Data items
== == ==

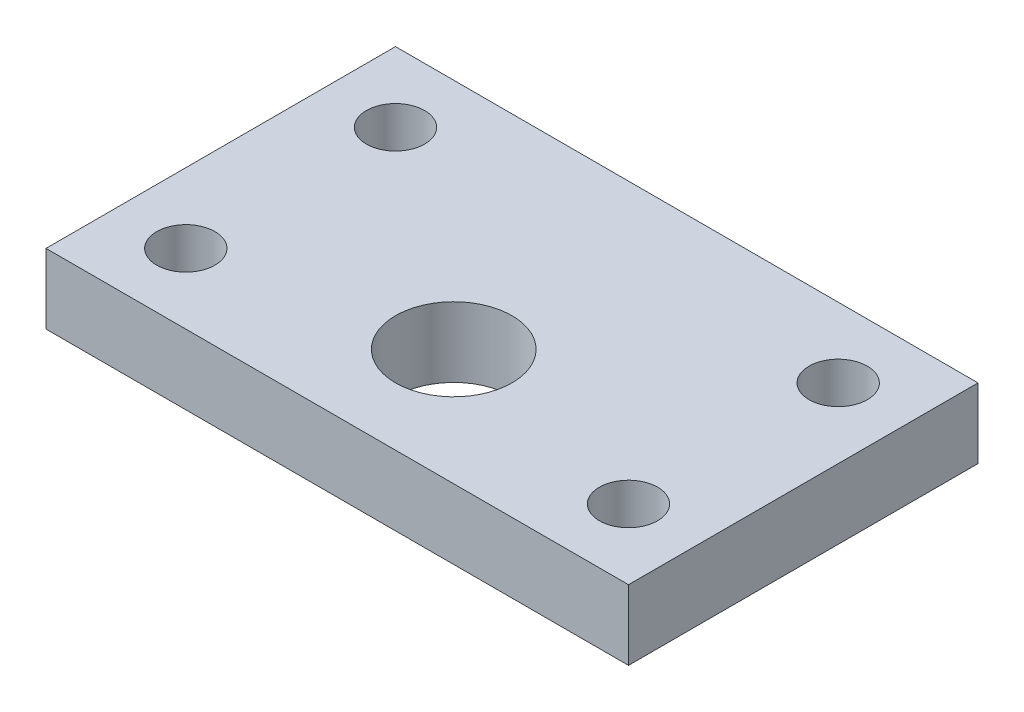
ISO-10303-21;
HEADER;
FILE_DESCRIPTION(('STEP AP214'),'2;1');
FILE_NAME('part.step','',(''),(''),'','','');
FILE_SCHEMA(('AUTOMOTIVE_DESIGN { 1 0 10303 214 1 1 1 1 }'));
ENDSEC;
DATA;
#1=APPLICATION_CONTEXT('core data for automotive mechanical design processes');
#2=APPLICATION_PROTOCOL_DEFINITION('international standard','automotive_design',2000,#1);
#3=PRODUCT_CONTEXT('',#1,'mechanical');
#4=PRODUCT('Part','Part','',(#3));
#5=PRODUCT_RELATED_PRODUCT_CATEGORY('part','',(#4));
#6=PRODUCT_DEFINITION_FORMATION('','',#4);
#7=PRODUCT_DEFINITION_CONTEXT('part definition',#1,'design');
#8=PRODUCT_DEFINITION('design','',#6,#7);
#9=PRODUCT_DEFINITION_SHAPE('','',#8);
#10=(LENGTH_UNIT() NAMED_UNIT(*) SI_UNIT(.MILLI.,.METRE.));
#11=(NAMED_UNIT(*) PLANE_ANGLE_UNIT() SI_UNIT($,.RADIAN.));
#12=(NAMED_UNIT(*) SI_UNIT($,.STERADIAN.) SOLID_ANGLE_UNIT());
#13=UNCERTAINTY_MEASURE_WITH_UNIT(LENGTH_MEASURE(1.E-05),#10,'distance_accuracy_value','');
#14=(GEOMETRIC_REPRESENTATION_CONTEXT(3) GLOBAL_UNCERTAINTY_ASSIGNED_CONTEXT((#13)) GLOBAL_UNIT_ASSIGNED_CONTEXT((#10,
#11,#12)) REPRESENTATION_CONTEXT('',''));
#15=CARTESIAN_POINT('',(0.,0.,0.));
#16=DIRECTION('',(0.,0.,1.));
#17=DIRECTION('',(1.,0.,0.));
#18=AXIS2_PLACEMENT_3D('',#15,#16,#17);
#19=CARTESIAN_POINT('',(0.,30.,0.));
#20=DIRECTION('',(0.,1.,0.));
#21=DIRECTION('',(0.,0.,1.));
#22=AXIS2_PLACEMENT_3D('',#19,#20,#21);
#23=PLANE('',#22);
#24=CARTESIAN_POINT('',(95.,30.,45.));
#25=DIRECTION('',(0.,1.,0.));
#26=DIRECTION('',(0.,0.,-1.));
#27=AXIS2_PLACEMENT_3D('',#24,#25,#26);
#28=CIRCLE('',#27,12.5);
#29=CARTESIAN_POINT('',(95.,30.,32.5));
#30=VERTEX_POINT('',#29);
#31=EDGE_CURVE('E136',#30,#30,#28,.T.);
#32=ORIENTED_EDGE('',*,*,#31,.F.);
#33=EDGE_LOOP('',(#32));
#34=FACE_BOUND('',#33,.T.);
#35=CARTESIAN_POINT('',(-95.,30.,-45.));
#36=DIRECTION('',(0.,1.,0.));
#37=DIRECTION('',(0.,0.,1.));
#38=AXIS2_PLACEMENT_3D('',#35,#36,#37);
#39=CIRCLE('',#38,12.5);
#40=CARTESIAN_POINT('',(-95.,30.,-32.5));
#41=VERTEX_POINT('',#40);
#42=EDGE_CURVE('E124',#41,#41,#39,.T.);
#43=ORIENTED_EDGE('',*,*,#42,.F.);
#44=EDGE_LOOP('',(#43));
#45=FACE_BOUND('',#44,.T.);
#46=DIRECTION('',(0.,0.,-1.));
#47=VECTOR('',#46,1.);
#48=CARTESIAN_POINT('',(125.,30.,-75.));
#49=LINE('',#48,#47);
#50=CARTESIAN_POINT('',(125.,30.,75.));
#51=VERTEX_POINT('',#50);
#52=CARTESIAN_POINT('',(125.,30.,-75.));
#53=VERTEX_POINT('',#52);
#54=EDGE_CURVE('E94',#51,#53,#49,.T.);
#55=ORIENTED_EDGE('',*,*,#54,.T.);
#56=DIRECTION('',(-1.,0.,0.));
#57=VECTOR('',#56,1.);
#58=CARTESIAN_POINT('',(-125.,30.,-75.));
#59=LINE('',#58,#57);
#60=CARTESIAN_POINT('',(-125.,30.,-75.));
#61=VERTEX_POINT('',#60);
#62=EDGE_CURVE('E89',#53,#61,#59,.T.);
#63=ORIENTED_EDGE('',*,*,#62,.T.);
#64=DIRECTION('',(0.,0.,1.));
#65=VECTOR('',#64,1.);
#66=CARTESIAN_POINT('',(-125.,30.,-75.));
#67=LINE('',#66,#65);
#68=CARTESIAN_POINT('',(-125.,30.,75.));
#69=VERTEX_POINT('',#68);
#70=EDGE_CURVE('E92',#61,#69,#67,.T.);
#71=ORIENTED_EDGE('',*,*,#70,.T.);
#72=DIRECTION('',(1.,0.,0.));
#73=VECTOR('',#72,1.);
#74=CARTESIAN_POINT('',(-125.,30.,75.));
#75=LINE('',#74,#73);
#76=EDGE_CURVE('E59',#69,#51,#75,.T.);
#77=ORIENTED_EDGE('',*,*,#76,.T.);
#78=EDGE_LOOP('',(#55,#63,#71,#77));
#79=FACE_BOUND('',#78,.T.);
#80=CARTESIAN_POINT('',(0.,30.,25.));
#81=DIRECTION('',(0.,1.,0.));
#82=DIRECTION('',(0.,0.,1.));
#83=AXIS2_PLACEMENT_3D('',#80,#81,#82);
#84=CIRCLE('',#83,25.);
#85=CARTESIAN_POINT('',(0.,30.,50.));
#86=VERTEX_POINT('',#85);
#87=EDGE_CURVE('E109',#86,#86,#84,.T.);
#88=ORIENTED_EDGE('',*,*,#87,.F.);
#89=EDGE_LOOP('',(#88));
#90=FACE_BOUND('',#89,.T.);
#91=CARTESIAN_POINT('',(-95.,30.,45.));
#92=DIRECTION('',(0.,1.,0.));
#93=DIRECTION('',(0.,0.,1.));
#94=AXIS2_PLACEMENT_3D('',#91,#92,#93);
#95=CIRCLE('',#94,12.5);
#96=CARTESIAN_POINT('',(-95.,30.,57.5));
#97=VERTEX_POINT('',#96);
#98=EDGE_CURVE('E130',#97,#97,#95,.T.);
#99=ORIENTED_EDGE('',*,*,#98,.F.);
#100=EDGE_LOOP('',(#99));
#101=FACE_BOUND('',#100,.T.);
#102=CARTESIAN_POINT('',(95.,30.,-45.));
#103=DIRECTION('',(0.,1.,0.));
#104=DIRECTION('',(0.,0.,-1.));
#105=AXIS2_PLACEMENT_3D('',#102,#103,#104);
#106=CIRCLE('',#105,12.5);
#107=CARTESIAN_POINT('',(95.,30.,-57.5));
#108=VERTEX_POINT('',#107);
#109=EDGE_CURVE('E142',#108,#108,#106,.T.);
#110=ORIENTED_EDGE('',*,*,#109,.F.);
#111=EDGE_LOOP('',(#110));
#112=FACE_BOUND('',#111,.T.);
#113=ADVANCED_FACE('F42',(#34,#45,#79,#90,#101,#112),#23,.T.);
#114=CARTESIAN_POINT('',(0.,0.,0.));
#115=DIRECTION('',(0.,1.,0.));
#116=DIRECTION('',(0.,0.,1.));
#117=AXIS2_PLACEMENT_3D('',#114,#115,#116);
#118=PLANE('',#117);
#119=DIRECTION('',(0.,0.,-1.));
#120=VECTOR('',#119,1.);
#121=CARTESIAN_POINT('',(125.,0.,-75.));
#122=LINE('',#121,#120);
#123=CARTESIAN_POINT('',(125.,0.,75.));
#124=VERTEX_POINT('',#123);
#125=CARTESIAN_POINT('',(125.,0.,-75.));
#126=VERTEX_POINT('',#125);
#127=EDGE_CURVE('E106',#124,#126,#122,.T.);
#128=ORIENTED_EDGE('',*,*,#127,.F.);
#129=DIRECTION('',(1.,0.,0.));
#130=VECTOR('',#129,1.);
#131=CARTESIAN_POINT('',(-125.,0.,75.));
#132=LINE('',#131,#130);
#133=CARTESIAN_POINT('',(-125.,0.,75.));
#134=VERTEX_POINT('',#133);
#135=EDGE_CURVE('E82',#134,#124,#132,.T.);
#136=ORIENTED_EDGE('',*,*,#135,.F.);
#137=DIRECTION('',(0.,0.,1.));
#138=VECTOR('',#137,1.);
#139=CARTESIAN_POINT('',(-125.,0.,-75.));
#140=LINE('',#139,#138);
#141=CARTESIAN_POINT('',(-125.,0.,-75.));
#142=VERTEX_POINT('',#141);
#143=EDGE_CURVE('E76',#142,#134,#140,.T.);
#144=ORIENTED_EDGE('',*,*,#143,.F.);
#145=DIRECTION('',(-1.,0.,0.));
#146=VECTOR('',#145,1.);
#147=CARTESIAN_POINT('',(-125.,0.,-75.));
#148=LINE('',#147,#146);
#149=EDGE_CURVE('E98',#126,#142,#148,.T.);
#150=ORIENTED_EDGE('',*,*,#149,.F.);
#151=EDGE_LOOP('',(#128,#136,#144,#150));
#152=FACE_BOUND('',#151,.T.);
#153=CARTESIAN_POINT('',(0.,0.,25.));
#154=DIRECTION('',(0.,1.,0.));
#155=DIRECTION('',(0.,0.,1.));
#156=AXIS2_PLACEMENT_3D('',#153,#154,#155);
#157=CIRCLE('',#156,25.);
#158=CARTESIAN_POINT('',(0.,0.,50.));
#159=VERTEX_POINT('',#158);
#160=EDGE_CURVE('E121',#159,#159,#157,.T.);
#161=ORIENTED_EDGE('',*,*,#160,.T.);
#162=EDGE_LOOP('',(#161));
#163=FACE_BOUND('',#162,.T.);
#164=CARTESIAN_POINT('',(-95.,0.,-45.));
#165=DIRECTION('',(0.,1.,0.));
#166=DIRECTION('',(0.,0.,1.));
#167=AXIS2_PLACEMENT_3D('',#164,#165,#166);
#168=CIRCLE('',#167,12.5);
#169=CARTESIAN_POINT('',(-95.,0.,-32.5));
#170=VERTEX_POINT('',#169);
#171=EDGE_CURVE('E127',#170,#170,#168,.T.);
#172=ORIENTED_EDGE('',*,*,#171,.T.);
#173=EDGE_LOOP('',(#172));
#174=FACE_BOUND('',#173,.T.);
#175=CARTESIAN_POINT('',(-95.,0.,45.));
#176=DIRECTION('',(0.,1.,0.));
#177=DIRECTION('',(0.,0.,1.));
#178=AXIS2_PLACEMENT_3D('',#175,#176,#177);
#179=CIRCLE('',#178,12.5);
#180=CARTESIAN_POINT('',(-95.,0.,57.5));
#181=VERTEX_POINT('',#180);
#182=EDGE_CURVE('E133',#181,#181,#179,.T.);
#183=ORIENTED_EDGE('',*,*,#182,.T.);
#184=EDGE_LOOP('',(#183));
#185=FACE_BOUND('',#184,.T.);
#186=CARTESIAN_POINT('',(95.,0.,45.));
#187=DIRECTION('',(0.,1.,0.));
#188=DIRECTION('',(0.,0.,-1.));
#189=AXIS2_PLACEMENT_3D('',#186,#187,#188);
#190=CIRCLE('',#189,12.5);
#191=CARTESIAN_POINT('',(95.,0.,32.5));
#192=VERTEX_POINT('',#191);
#193=EDGE_CURVE('E139',#192,#192,#190,.T.);
#194=ORIENTED_EDGE('',*,*,#193,.T.);
#195=EDGE_LOOP('',(#194));
#196=FACE_BOUND('',#195,.T.);
#197=CARTESIAN_POINT('',(95.,0.,-45.));
#198=DIRECTION('',(0.,1.,0.));
#199=DIRECTION('',(0.,0.,-1.));
#200=AXIS2_PLACEMENT_3D('',#197,#198,#199);
#201=CIRCLE('',#200,12.5);
#202=CARTESIAN_POINT('',(95.,0.,-57.5));
#203=VERTEX_POINT('',#202);
#204=EDGE_CURVE('E145',#203,#203,#201,.T.);
#205=ORIENTED_EDGE('',*,*,#204,.T.);
#206=EDGE_LOOP('',(#205));
#207=FACE_BOUND('',#206,.T.);
#208=ADVANCED_FACE('F117',(#152,#163,#174,#185,#196,#207),#118,.F.);
#209=CARTESIAN_POINT('',(125.,30.,-75.));
#210=DIRECTION('',(-1.,0.,0.));
#211=DIRECTION('',(0.,0.,1.));
#212=AXIS2_PLACEMENT_3D('',#209,#210,#211);
#213=PLANE('',#212);
#214=ORIENTED_EDGE('',*,*,#127,.T.);
#215=DIRECTION('',(0.,-1.,0.));
#216=VECTOR('',#215,1.);
#217=CARTESIAN_POINT('',(125.,30.,-75.));
#218=LINE('',#217,#216);
#219=EDGE_CURVE('E11',#53,#126,#218,.T.);
#220=ORIENTED_EDGE('',*,*,#219,.F.);
#221=ORIENTED_EDGE('',*,*,#54,.F.);
#222=DIRECTION('',(0.,-1.,0.));
#223=VECTOR('',#222,1.);
#224=CARTESIAN_POINT('',(125.,30.,75.));
#225=LINE('',#224,#223);
#226=EDGE_CURVE('E102',#51,#124,#225,.T.);
#227=ORIENTED_EDGE('',*,*,#226,.T.);
#228=EDGE_LOOP('',(#214,#220,#221,#227));
#229=FACE_BOUND('',#228,.T.);
#230=ADVANCED_FACE('F44',(#229),#213,.F.);
#231=CARTESIAN_POINT('',(-125.,30.,-75.));
#232=DIRECTION('',(0.,0.,1.));
#233=DIRECTION('',(1.,0.,0.));
#234=AXIS2_PLACEMENT_3D('',#231,#232,#233);
#235=PLANE('',#234);
#236=ORIENTED_EDGE('',*,*,#149,.T.);
#237=DIRECTION('',(0.,-1.,0.));
#238=VECTOR('',#237,1.);
#239=CARTESIAN_POINT('',(-125.,30.,-75.));
#240=LINE('',#239,#238);
#241=EDGE_CURVE('E51',#61,#142,#240,.T.);
#242=ORIENTED_EDGE('',*,*,#241,.F.);
#243=ORIENTED_EDGE('',*,*,#62,.F.);
#244=ORIENTED_EDGE('',*,*,#219,.T.);
#245=EDGE_LOOP('',(#236,#242,#243,#244));
#246=FACE_BOUND('',#245,.T.);
#247=ADVANCED_FACE('F97',(#246),#235,.F.);
#248=CARTESIAN_POINT('',(-125.,30.,-75.));
#249=DIRECTION('',(1.,0.,0.));
#250=DIRECTION('',(0.,0.,-1.));
#251=AXIS2_PLACEMENT_3D('',#248,#249,#250);
#252=PLANE('',#251);
#253=ORIENTED_EDGE('',*,*,#143,.T.);
#254=DIRECTION('',(0.,-1.,0.));
#255=VECTOR('',#254,1.);
#256=CARTESIAN_POINT('',(-125.,30.,75.));
#257=LINE('',#256,#255);
#258=EDGE_CURVE('E99',#69,#134,#257,.T.);
#259=ORIENTED_EDGE('',*,*,#258,.F.);
#260=ORIENTED_EDGE('',*,*,#70,.F.);
#261=ORIENTED_EDGE('',*,*,#241,.T.);
#262=EDGE_LOOP('',(#253,#259,#260,#261));
#263=FACE_BOUND('',#262,.T.);
#264=ADVANCED_FACE('F100',(#263),#252,.F.);
#265=CARTESIAN_POINT('',(-125.,30.,75.));
#266=DIRECTION('',(0.,0.,-1.));
#267=DIRECTION('',(-1.,0.,0.));
#268=AXIS2_PLACEMENT_3D('',#265,#266,#267);
#269=PLANE('',#268);
#270=ORIENTED_EDGE('',*,*,#135,.T.);
#271=ORIENTED_EDGE('',*,*,#226,.F.);
#272=ORIENTED_EDGE('',*,*,#76,.F.);
#273=ORIENTED_EDGE('',*,*,#258,.T.);
#274=EDGE_LOOP('',(#270,#271,#272,#273));
#275=FACE_BOUND('',#274,.T.);
#276=ADVANCED_FACE('F114',(#275),#269,.F.);
#277=CARTESIAN_POINT('',(0.,30.,25.));
#278=DIRECTION('',(0.,-1.,0.));
#279=DIRECTION('',(0.,0.,-1.));
#280=AXIS2_PLACEMENT_3D('',#277,#278,#279);
#281=CYLINDRICAL_SURFACE('',#280,25.);
#282=ORIENTED_EDGE('',*,*,#87,.T.);
#283=EDGE_LOOP('',(#282));
#284=FACE_BOUND('',#283,.T.);
#285=ORIENTED_EDGE('',*,*,#160,.F.);
#286=EDGE_LOOP('',(#285));
#287=FACE_BOUND('',#286,.T.);
#288=ADVANCED_FACE('F164',(#284,#287),#281,.F.);
#289=CARTESIAN_POINT('',(-95.,30.,-45.));
#290=DIRECTION('',(0.,-1.,0.));
#291=DIRECTION('',(0.,0.,-1.));
#292=AXIS2_PLACEMENT_3D('',#289,#290,#291);
#293=CYLINDRICAL_SURFACE('',#292,12.5);
#294=ORIENTED_EDGE('',*,*,#42,.T.);
#295=EDGE_LOOP('',(#294));
#296=FACE_BOUND('',#295,.T.);
#297=ORIENTED_EDGE('',*,*,#171,.F.);
#298=EDGE_LOOP('',(#297));
#299=FACE_BOUND('',#298,.T.);
#300=ADVANCED_FACE('F219',(#296,#299),#293,.F.);
#301=CARTESIAN_POINT('',(-95.,30.,45.));
#302=DIRECTION('',(0.,-1.,0.));
#303=DIRECTION('',(0.,0.,-1.));
#304=AXIS2_PLACEMENT_3D('',#301,#302,#303);
#305=CYLINDRICAL_SURFACE('',#304,12.5);
#306=ORIENTED_EDGE('',*,*,#98,.T.);
#307=EDGE_LOOP('',(#306));
#308=FACE_BOUND('',#307,.T.);
#309=ORIENTED_EDGE('',*,*,#182,.F.);
#310=EDGE_LOOP('',(#309));
#311=FACE_BOUND('',#310,.T.);
#312=ADVANCED_FACE('F228',(#308,#311),#305,.F.);
#313=CARTESIAN_POINT('',(95.,30.,45.));
#314=DIRECTION('',(0.,-1.,0.));
#315=DIRECTION('',(0.,0.,-1.));
#316=AXIS2_PLACEMENT_3D('',#313,#314,#315);
#317=CYLINDRICAL_SURFACE('',#316,12.5);
#318=ORIENTED_EDGE('',*,*,#31,.T.);
#319=EDGE_LOOP('',(#318));
#320=FACE_BOUND('',#319,.T.);
#321=ORIENTED_EDGE('',*,*,#193,.F.);
#322=EDGE_LOOP('',(#321));
#323=FACE_BOUND('',#322,.T.);
#324=ADVANCED_FACE('F237',(#320,#323),#317,.F.);
#325=CARTESIAN_POINT('',(95.,30.,-45.));
#326=DIRECTION('',(0.,-1.,0.));
#327=DIRECTION('',(0.,0.,-1.));
#328=AXIS2_PLACEMENT_3D('',#325,#326,#327);
#329=CYLINDRICAL_SURFACE('',#328,12.5);
#330=ORIENTED_EDGE('',*,*,#109,.T.);
#331=EDGE_LOOP('',(#330));
#332=FACE_BOUND('',#331,.T.);
#333=ORIENTED_EDGE('',*,*,#204,.F.);
#334=EDGE_LOOP('',(#333));
#335=FACE_BOUND('',#334,.T.);
#336=ADVANCED_FACE('F151',(#332,#335),#329,.F.);
#337=CLOSED_SHELL('',(#113,#208,#230,#247,#264,#276,#288,#300,#312,#324,#336));
#338=MANIFOLD_SOLID_BREP('B2',#337);
#339=ADVANCED_BREP_SHAPE_REPRESENTATION('',(#18,#338),#14);
#340=SHAPE_DEFINITION_REPRESENTATION(#9,#339);
ENDSEC;
END-ISO-10303-21;

== == ==

Reproduce the records above from their first line to the line bearing "#7=PRODUCT_DEFINITION_CONTEXT('part definition',#1,'design');", both ends included, leaving every picture out.

● Response area
ISO-10303-21;
HEADER;
FILE_DESCRIPTION(('STEP AP214'),'2;1');
FILE_NAME('part.step','',(''),(''),'','','');
FILE_SCHEMA(('AUTOMOTIVE_DESIGN { 1 0 10303 214 1 1 1 1 }'));
ENDSEC;
DATA;
#1=APPLICATION_CONTEXT('core data for automotive mechanical design processes');
#2=APPLICATION_PROTOCOL_DEFINITION('international standard','automotive_design',2000,#1);
#3=PRODUCT_CONTEXT('',#1,'mechanical');
#4=PRODUCT('Part','Part','',(#3));
#5=PRODUCT_RELATED_PRODUCT_CATEGORY('part','',(#4));
#6=PRODUCT_DEFINITION_FORMATION('','',#4);
#7=PRODUCT_DEFINITION_CONTEXT('part definition',#1,'design');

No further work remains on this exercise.